SPIRITUAL DEVELOPMENT
a sermon by the Rev. Paul Oakley
10:30 AM, Sunday, July 25, 2021
A required part of every Unitarian Universalist minister’s training for ministry is Clinical Pastoral Education (abbreviated as CPE), chaplaincy training and practice, most often offered in a hospital setting. In my CPE experience, I served and learned in two St. Louis hospitals: Barnes Jewish Hospital, a massive training hospital and trauma center, and Christian Hospital Northeast, a community hospital.
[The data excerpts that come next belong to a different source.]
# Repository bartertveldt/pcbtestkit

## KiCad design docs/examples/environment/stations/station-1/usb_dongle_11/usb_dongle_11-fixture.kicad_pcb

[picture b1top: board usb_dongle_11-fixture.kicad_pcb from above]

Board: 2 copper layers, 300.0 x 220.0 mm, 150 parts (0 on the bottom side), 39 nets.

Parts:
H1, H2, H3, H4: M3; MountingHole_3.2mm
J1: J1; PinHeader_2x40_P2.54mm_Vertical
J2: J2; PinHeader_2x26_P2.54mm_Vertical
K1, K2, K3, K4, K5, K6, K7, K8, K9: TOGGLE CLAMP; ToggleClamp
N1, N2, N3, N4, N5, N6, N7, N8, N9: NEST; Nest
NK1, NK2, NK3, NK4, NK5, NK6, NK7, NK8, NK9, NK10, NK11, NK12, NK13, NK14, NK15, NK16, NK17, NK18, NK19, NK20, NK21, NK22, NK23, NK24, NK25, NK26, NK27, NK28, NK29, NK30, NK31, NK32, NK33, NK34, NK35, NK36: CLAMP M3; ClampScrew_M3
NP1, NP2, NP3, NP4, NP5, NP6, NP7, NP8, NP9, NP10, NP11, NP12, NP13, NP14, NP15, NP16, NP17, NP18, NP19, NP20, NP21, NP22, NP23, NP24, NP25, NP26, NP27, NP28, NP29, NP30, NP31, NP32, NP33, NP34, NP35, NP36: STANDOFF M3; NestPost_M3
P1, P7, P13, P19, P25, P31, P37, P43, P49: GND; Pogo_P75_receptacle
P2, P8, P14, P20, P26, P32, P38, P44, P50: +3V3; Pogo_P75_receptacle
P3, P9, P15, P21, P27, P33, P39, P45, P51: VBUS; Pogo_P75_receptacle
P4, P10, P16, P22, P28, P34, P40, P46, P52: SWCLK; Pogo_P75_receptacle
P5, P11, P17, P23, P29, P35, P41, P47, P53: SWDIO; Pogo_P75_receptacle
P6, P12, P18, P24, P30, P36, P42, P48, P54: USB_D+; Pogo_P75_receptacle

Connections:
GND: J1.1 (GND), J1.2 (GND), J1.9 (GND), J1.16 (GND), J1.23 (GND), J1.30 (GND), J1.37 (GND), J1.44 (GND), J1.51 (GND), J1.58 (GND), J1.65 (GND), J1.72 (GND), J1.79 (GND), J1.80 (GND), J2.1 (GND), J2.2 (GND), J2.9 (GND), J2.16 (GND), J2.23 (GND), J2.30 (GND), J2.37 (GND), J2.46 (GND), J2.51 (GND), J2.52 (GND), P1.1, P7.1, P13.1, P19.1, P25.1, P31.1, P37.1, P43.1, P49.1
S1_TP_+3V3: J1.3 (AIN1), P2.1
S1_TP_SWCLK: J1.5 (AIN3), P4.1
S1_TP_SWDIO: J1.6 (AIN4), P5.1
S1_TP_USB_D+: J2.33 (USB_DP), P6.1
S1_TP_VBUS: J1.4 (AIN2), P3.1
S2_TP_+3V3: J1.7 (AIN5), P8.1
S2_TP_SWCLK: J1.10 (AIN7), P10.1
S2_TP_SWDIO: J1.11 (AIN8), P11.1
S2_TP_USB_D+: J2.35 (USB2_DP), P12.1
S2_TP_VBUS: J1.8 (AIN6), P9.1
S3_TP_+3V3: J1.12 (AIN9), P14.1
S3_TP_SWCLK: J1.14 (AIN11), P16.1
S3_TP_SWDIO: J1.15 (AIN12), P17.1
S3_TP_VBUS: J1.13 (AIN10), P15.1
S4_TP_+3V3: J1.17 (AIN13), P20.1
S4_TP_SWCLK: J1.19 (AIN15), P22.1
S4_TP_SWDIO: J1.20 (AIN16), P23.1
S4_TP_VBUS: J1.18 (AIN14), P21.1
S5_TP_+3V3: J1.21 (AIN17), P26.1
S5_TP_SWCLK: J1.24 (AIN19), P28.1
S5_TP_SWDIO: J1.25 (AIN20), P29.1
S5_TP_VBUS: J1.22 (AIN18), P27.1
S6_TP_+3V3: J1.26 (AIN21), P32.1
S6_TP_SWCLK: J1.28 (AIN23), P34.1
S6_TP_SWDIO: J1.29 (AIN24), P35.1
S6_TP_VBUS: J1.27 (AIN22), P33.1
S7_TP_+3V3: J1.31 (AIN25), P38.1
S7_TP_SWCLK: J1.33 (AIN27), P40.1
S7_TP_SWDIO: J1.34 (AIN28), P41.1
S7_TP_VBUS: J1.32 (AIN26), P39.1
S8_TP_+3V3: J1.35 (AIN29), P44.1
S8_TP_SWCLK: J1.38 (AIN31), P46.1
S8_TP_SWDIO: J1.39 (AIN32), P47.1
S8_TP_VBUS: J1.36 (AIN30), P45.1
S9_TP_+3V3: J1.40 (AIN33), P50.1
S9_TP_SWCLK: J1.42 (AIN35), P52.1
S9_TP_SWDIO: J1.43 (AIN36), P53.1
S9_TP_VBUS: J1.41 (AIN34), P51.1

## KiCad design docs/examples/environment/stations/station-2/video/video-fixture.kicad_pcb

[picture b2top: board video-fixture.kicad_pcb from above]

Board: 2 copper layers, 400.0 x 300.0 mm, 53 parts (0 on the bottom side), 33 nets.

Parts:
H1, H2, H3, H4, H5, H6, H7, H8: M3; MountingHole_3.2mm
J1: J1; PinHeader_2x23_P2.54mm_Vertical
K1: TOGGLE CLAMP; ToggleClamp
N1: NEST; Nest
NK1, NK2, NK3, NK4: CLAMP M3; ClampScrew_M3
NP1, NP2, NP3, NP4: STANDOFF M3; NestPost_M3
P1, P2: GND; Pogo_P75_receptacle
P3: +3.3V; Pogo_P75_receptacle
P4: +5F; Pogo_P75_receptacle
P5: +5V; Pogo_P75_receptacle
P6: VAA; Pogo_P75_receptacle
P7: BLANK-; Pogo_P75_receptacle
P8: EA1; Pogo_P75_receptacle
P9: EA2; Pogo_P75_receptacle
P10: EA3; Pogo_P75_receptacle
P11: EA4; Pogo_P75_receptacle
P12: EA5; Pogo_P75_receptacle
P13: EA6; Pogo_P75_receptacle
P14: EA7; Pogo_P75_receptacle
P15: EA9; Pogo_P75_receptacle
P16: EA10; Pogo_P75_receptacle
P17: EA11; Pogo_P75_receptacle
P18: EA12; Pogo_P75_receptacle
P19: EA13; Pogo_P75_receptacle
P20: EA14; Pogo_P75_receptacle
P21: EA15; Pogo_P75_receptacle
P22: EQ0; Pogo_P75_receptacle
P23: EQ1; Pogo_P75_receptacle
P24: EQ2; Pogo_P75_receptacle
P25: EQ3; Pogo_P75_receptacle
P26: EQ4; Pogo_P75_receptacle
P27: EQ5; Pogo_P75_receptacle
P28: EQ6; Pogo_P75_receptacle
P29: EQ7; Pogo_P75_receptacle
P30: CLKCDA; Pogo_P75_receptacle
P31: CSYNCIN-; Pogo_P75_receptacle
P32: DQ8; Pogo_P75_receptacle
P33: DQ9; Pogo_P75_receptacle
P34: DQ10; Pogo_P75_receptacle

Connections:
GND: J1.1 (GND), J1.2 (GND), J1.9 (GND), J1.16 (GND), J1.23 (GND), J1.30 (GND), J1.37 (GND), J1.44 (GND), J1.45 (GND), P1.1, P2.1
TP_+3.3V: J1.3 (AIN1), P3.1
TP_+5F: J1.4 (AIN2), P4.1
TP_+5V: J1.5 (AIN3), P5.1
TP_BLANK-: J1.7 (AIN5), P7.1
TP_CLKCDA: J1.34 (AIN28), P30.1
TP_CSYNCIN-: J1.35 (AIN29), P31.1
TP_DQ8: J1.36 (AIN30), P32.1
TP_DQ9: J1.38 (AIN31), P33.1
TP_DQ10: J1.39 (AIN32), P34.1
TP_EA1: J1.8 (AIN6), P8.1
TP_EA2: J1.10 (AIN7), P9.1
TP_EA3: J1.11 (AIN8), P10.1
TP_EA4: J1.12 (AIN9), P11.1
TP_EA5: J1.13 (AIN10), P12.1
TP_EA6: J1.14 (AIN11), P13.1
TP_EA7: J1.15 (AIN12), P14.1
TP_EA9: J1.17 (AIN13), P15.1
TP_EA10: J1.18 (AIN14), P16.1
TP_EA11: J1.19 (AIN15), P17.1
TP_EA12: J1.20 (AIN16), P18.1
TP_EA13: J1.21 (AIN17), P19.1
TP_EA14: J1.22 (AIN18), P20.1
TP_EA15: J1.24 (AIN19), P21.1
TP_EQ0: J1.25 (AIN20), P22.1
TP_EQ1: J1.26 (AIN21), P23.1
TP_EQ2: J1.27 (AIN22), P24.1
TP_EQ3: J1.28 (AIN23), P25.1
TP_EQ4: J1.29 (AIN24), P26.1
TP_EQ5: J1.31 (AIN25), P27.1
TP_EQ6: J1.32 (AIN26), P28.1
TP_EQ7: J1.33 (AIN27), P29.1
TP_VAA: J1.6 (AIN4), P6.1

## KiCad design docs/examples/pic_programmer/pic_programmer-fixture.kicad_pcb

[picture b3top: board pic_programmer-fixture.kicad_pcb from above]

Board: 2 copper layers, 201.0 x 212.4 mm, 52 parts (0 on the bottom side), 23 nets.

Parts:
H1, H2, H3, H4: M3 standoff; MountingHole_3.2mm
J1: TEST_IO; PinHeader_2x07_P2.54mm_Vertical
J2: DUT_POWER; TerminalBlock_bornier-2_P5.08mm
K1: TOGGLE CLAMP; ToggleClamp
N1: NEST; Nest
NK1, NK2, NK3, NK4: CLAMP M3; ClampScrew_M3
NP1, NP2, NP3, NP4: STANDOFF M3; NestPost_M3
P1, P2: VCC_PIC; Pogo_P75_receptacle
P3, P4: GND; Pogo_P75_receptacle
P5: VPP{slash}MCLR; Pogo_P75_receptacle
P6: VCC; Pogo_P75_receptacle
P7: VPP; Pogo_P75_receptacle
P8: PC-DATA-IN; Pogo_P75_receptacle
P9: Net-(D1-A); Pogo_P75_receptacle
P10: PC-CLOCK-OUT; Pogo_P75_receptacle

Early in the program, my CPE supervisor posed the question to us, “What do the words ‘spiritual’ and ‘spirituality’ mean?” Over my 15 months of CPE, this question popped back up many times. But after a few weeks of my fellow chaplains and me voicing our opinions on the word from Catholic, Mainline Protestant, Fundamentalist Protestant, Pentecostal, Jewish, and Unitarian Universalist perspectives, after weeks of thinking we were getting nowhere and only disagreed with each other, our supervising instructor – a liberal Lutheran minister with a doctorate in ministry and decades of education and experience as an interfaith CPE instructor – he gave us a perspective that allowed us to better understand each other and to serve patients and families across the massive and tiny dividing lines that separated us. In its expansive, inclusive sense, he told us, spirituality is about making, finding, receiving, and sharing meaning. Everything is spiritual.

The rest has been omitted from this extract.